**HOW TO COMPLETE THIS TASK**
Tally up the lines below that carry the word "before", answering with the figure alone.

++++++

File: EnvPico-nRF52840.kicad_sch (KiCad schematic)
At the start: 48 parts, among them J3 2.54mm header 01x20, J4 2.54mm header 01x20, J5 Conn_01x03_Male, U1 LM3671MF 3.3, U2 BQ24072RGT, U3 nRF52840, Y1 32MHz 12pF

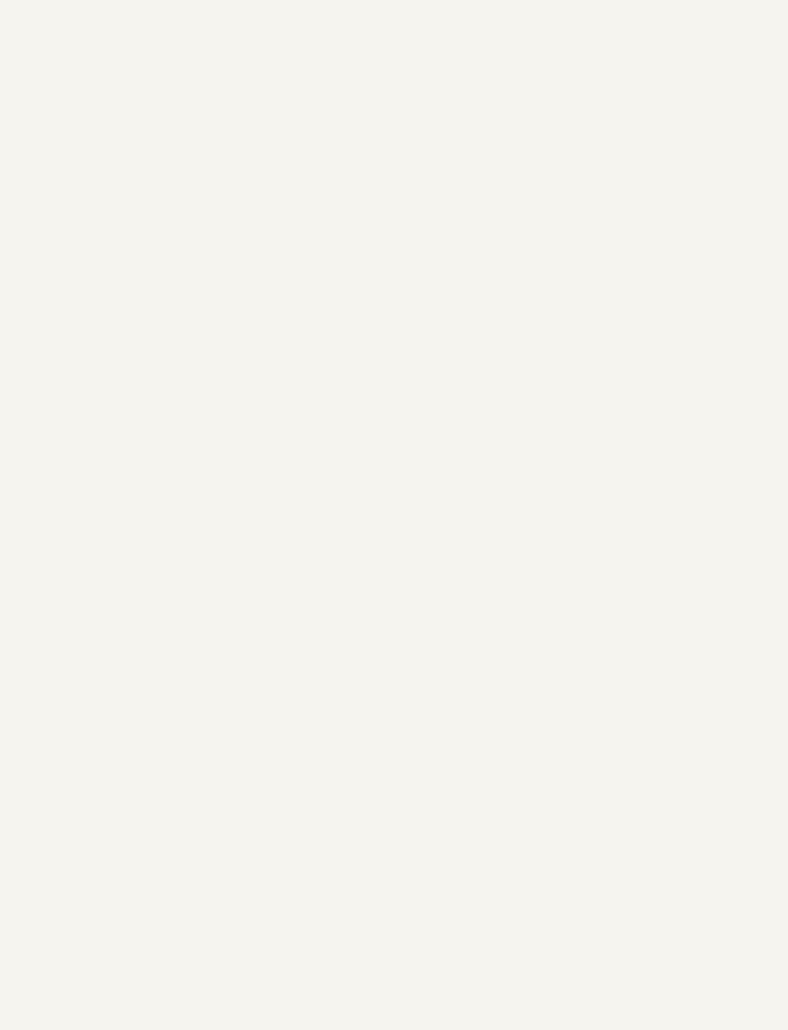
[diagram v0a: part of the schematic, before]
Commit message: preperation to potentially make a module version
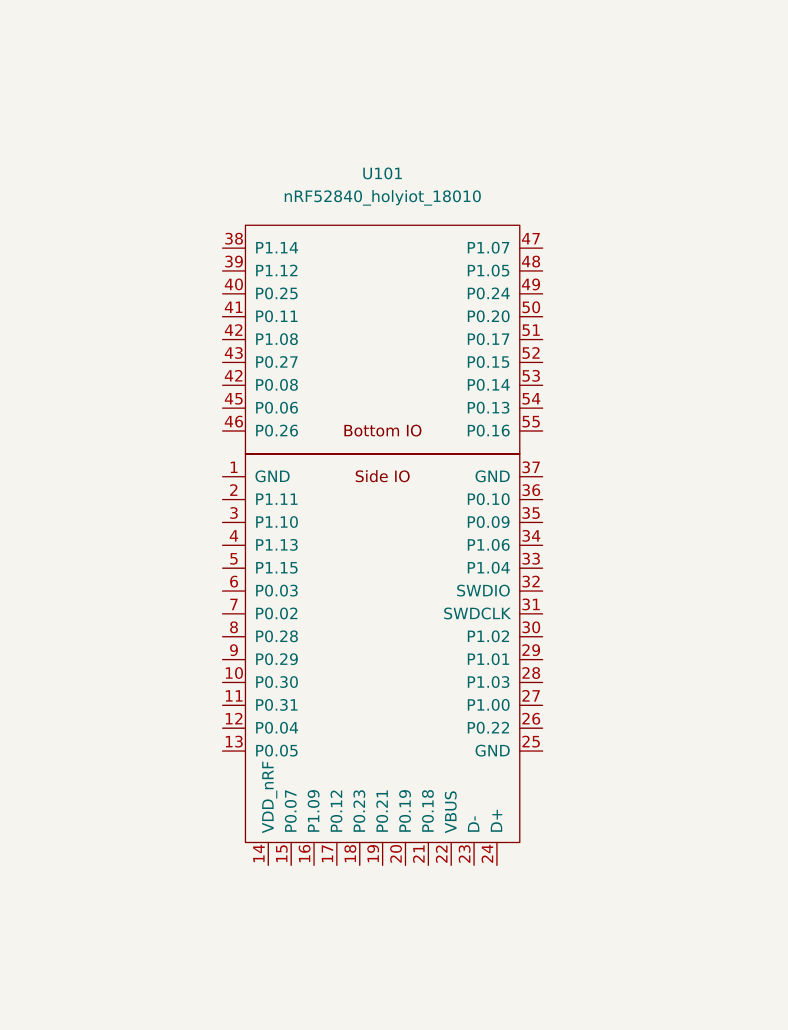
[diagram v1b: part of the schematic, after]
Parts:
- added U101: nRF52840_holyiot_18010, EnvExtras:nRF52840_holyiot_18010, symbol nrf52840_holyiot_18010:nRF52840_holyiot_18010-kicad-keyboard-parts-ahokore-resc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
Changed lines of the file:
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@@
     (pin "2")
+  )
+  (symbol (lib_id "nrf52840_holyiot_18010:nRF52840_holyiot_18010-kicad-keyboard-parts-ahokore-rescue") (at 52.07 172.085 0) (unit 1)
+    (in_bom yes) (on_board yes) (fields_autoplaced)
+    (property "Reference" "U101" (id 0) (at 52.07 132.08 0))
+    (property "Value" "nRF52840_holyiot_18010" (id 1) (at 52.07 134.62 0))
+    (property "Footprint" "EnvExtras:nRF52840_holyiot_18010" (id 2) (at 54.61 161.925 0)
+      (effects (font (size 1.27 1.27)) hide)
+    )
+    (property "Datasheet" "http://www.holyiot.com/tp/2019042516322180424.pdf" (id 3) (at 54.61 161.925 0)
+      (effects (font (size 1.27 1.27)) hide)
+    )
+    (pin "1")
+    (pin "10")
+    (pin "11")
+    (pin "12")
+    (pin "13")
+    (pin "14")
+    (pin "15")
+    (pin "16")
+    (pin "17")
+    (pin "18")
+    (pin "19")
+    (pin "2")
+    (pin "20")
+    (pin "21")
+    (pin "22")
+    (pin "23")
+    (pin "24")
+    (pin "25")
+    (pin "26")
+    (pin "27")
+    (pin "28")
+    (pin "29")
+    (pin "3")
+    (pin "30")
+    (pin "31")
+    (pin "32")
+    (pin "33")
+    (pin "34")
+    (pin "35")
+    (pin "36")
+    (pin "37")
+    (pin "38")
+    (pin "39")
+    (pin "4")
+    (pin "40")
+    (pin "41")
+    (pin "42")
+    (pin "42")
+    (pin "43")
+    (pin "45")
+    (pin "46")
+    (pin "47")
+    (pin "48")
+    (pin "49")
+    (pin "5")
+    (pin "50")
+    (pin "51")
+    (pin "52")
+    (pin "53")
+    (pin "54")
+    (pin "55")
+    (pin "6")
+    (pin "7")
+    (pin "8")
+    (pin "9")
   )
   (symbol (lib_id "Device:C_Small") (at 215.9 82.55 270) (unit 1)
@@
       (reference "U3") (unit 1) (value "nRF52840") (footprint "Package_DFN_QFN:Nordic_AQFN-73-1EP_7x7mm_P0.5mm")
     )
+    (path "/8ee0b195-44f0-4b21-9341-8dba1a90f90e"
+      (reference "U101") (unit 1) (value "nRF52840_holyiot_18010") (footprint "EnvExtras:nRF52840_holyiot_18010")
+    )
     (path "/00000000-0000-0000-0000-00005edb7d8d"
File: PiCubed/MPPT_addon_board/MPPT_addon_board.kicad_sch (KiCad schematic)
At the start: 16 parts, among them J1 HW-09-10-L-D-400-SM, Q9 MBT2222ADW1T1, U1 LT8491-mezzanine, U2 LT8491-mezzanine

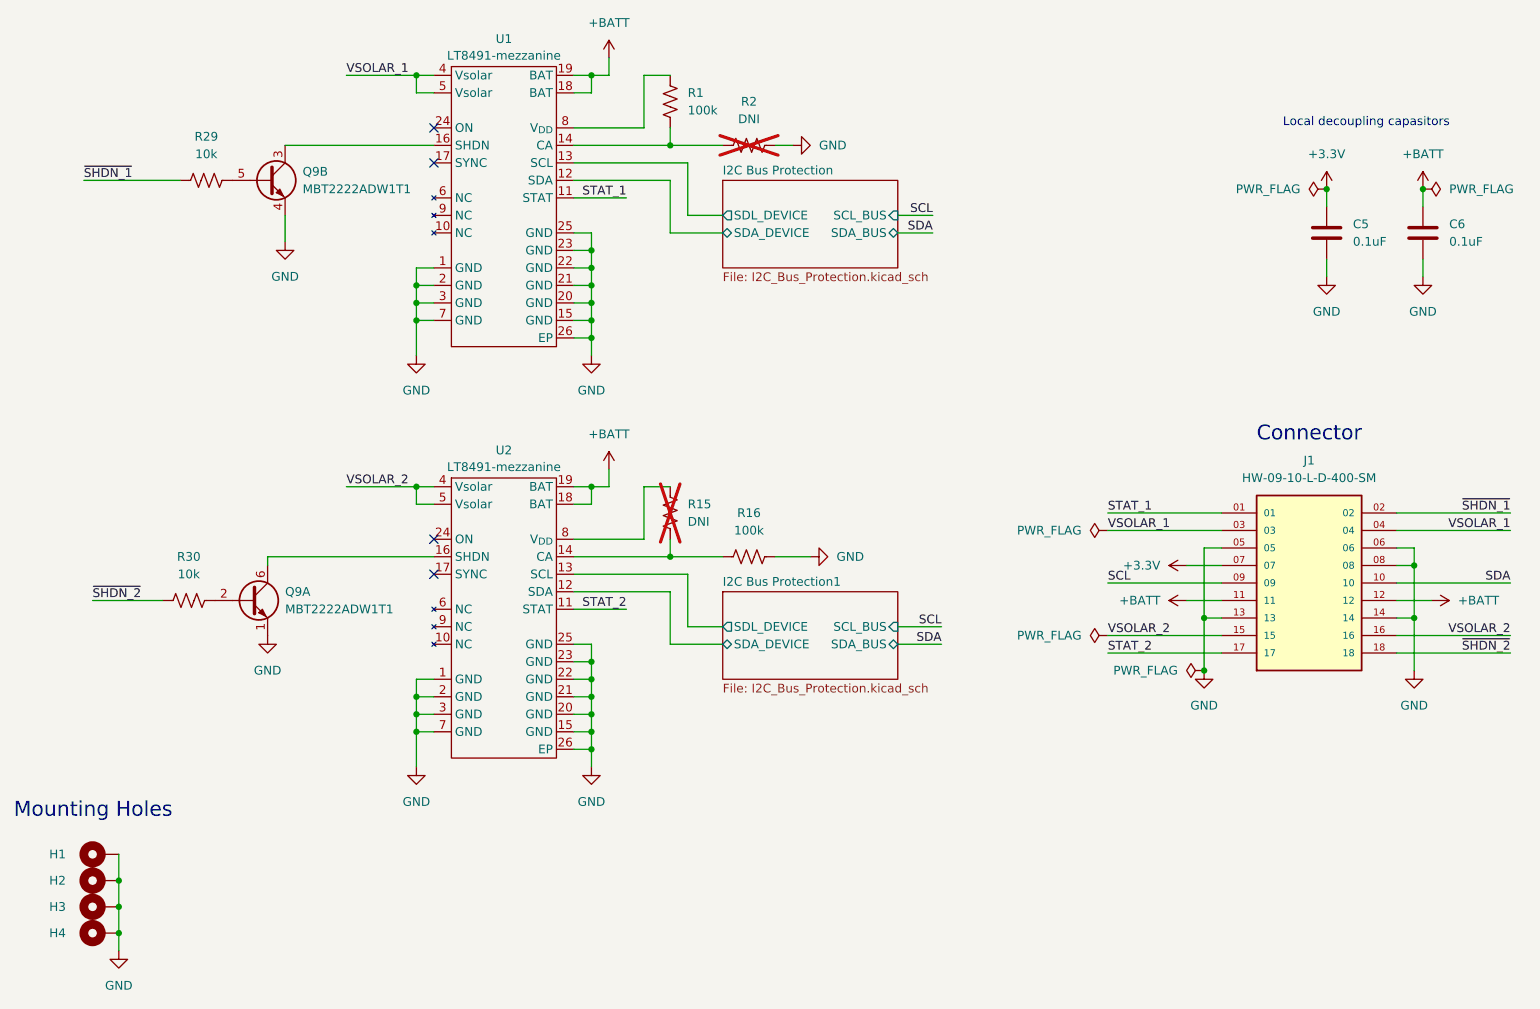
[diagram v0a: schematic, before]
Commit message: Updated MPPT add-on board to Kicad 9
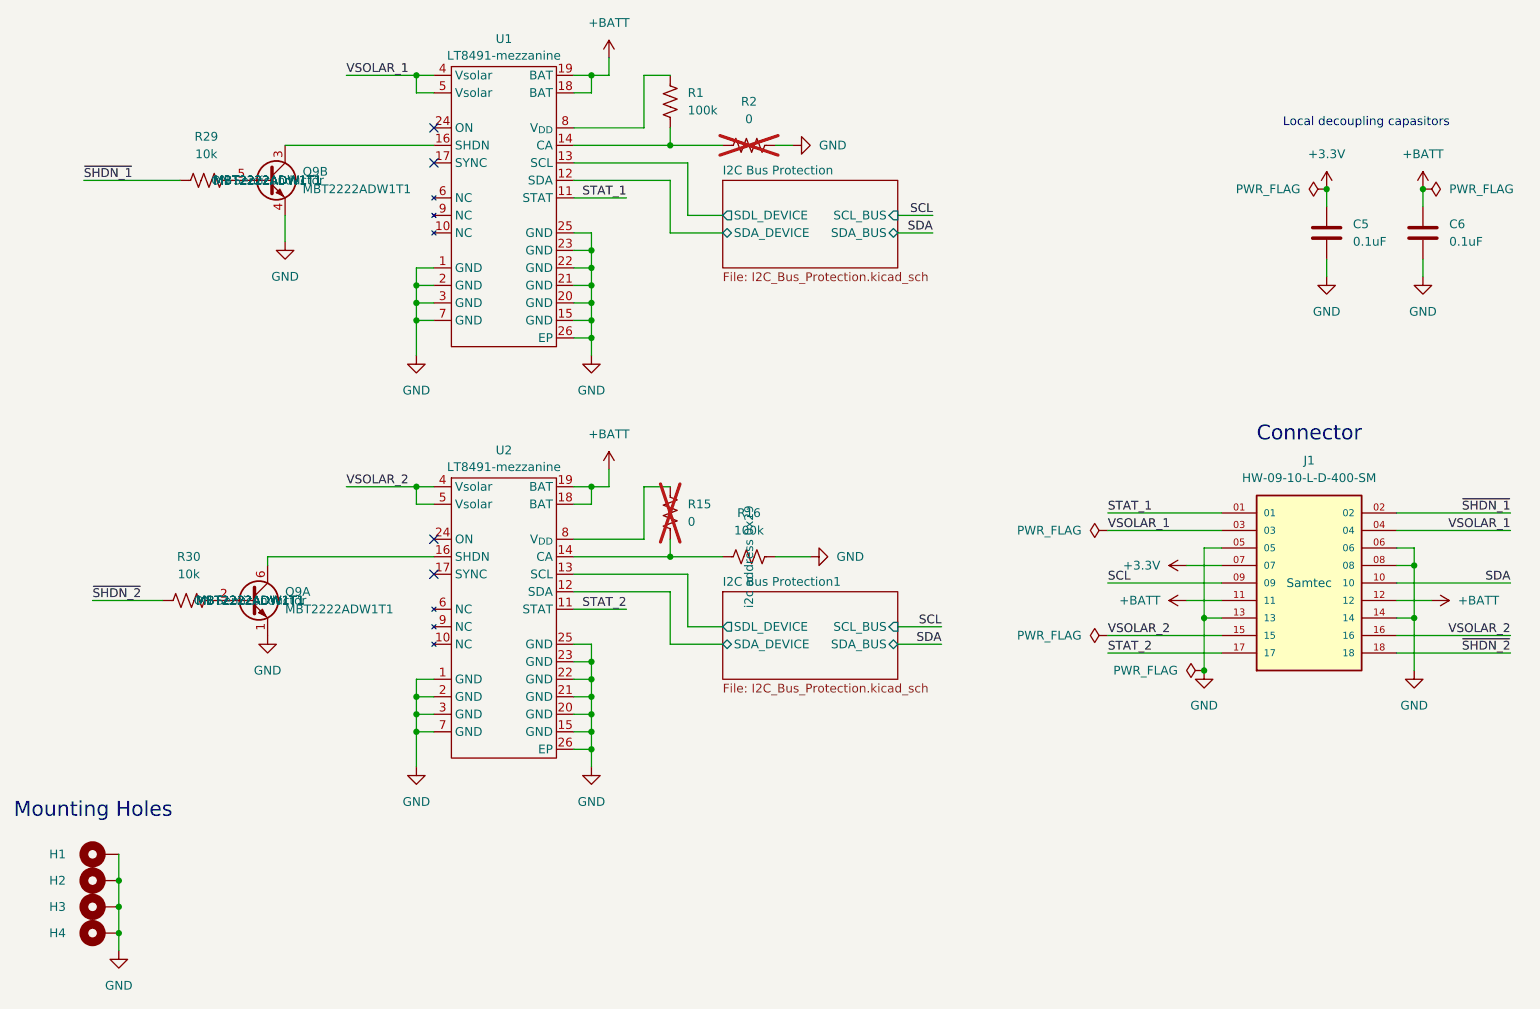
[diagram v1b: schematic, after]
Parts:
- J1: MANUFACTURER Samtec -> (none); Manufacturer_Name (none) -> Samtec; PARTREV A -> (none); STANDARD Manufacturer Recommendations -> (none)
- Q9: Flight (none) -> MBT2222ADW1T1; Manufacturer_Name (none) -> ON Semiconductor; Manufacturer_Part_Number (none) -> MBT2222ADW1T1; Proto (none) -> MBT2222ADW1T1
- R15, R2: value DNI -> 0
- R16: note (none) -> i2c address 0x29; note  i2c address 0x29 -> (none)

++++++

**OUTPUT**
2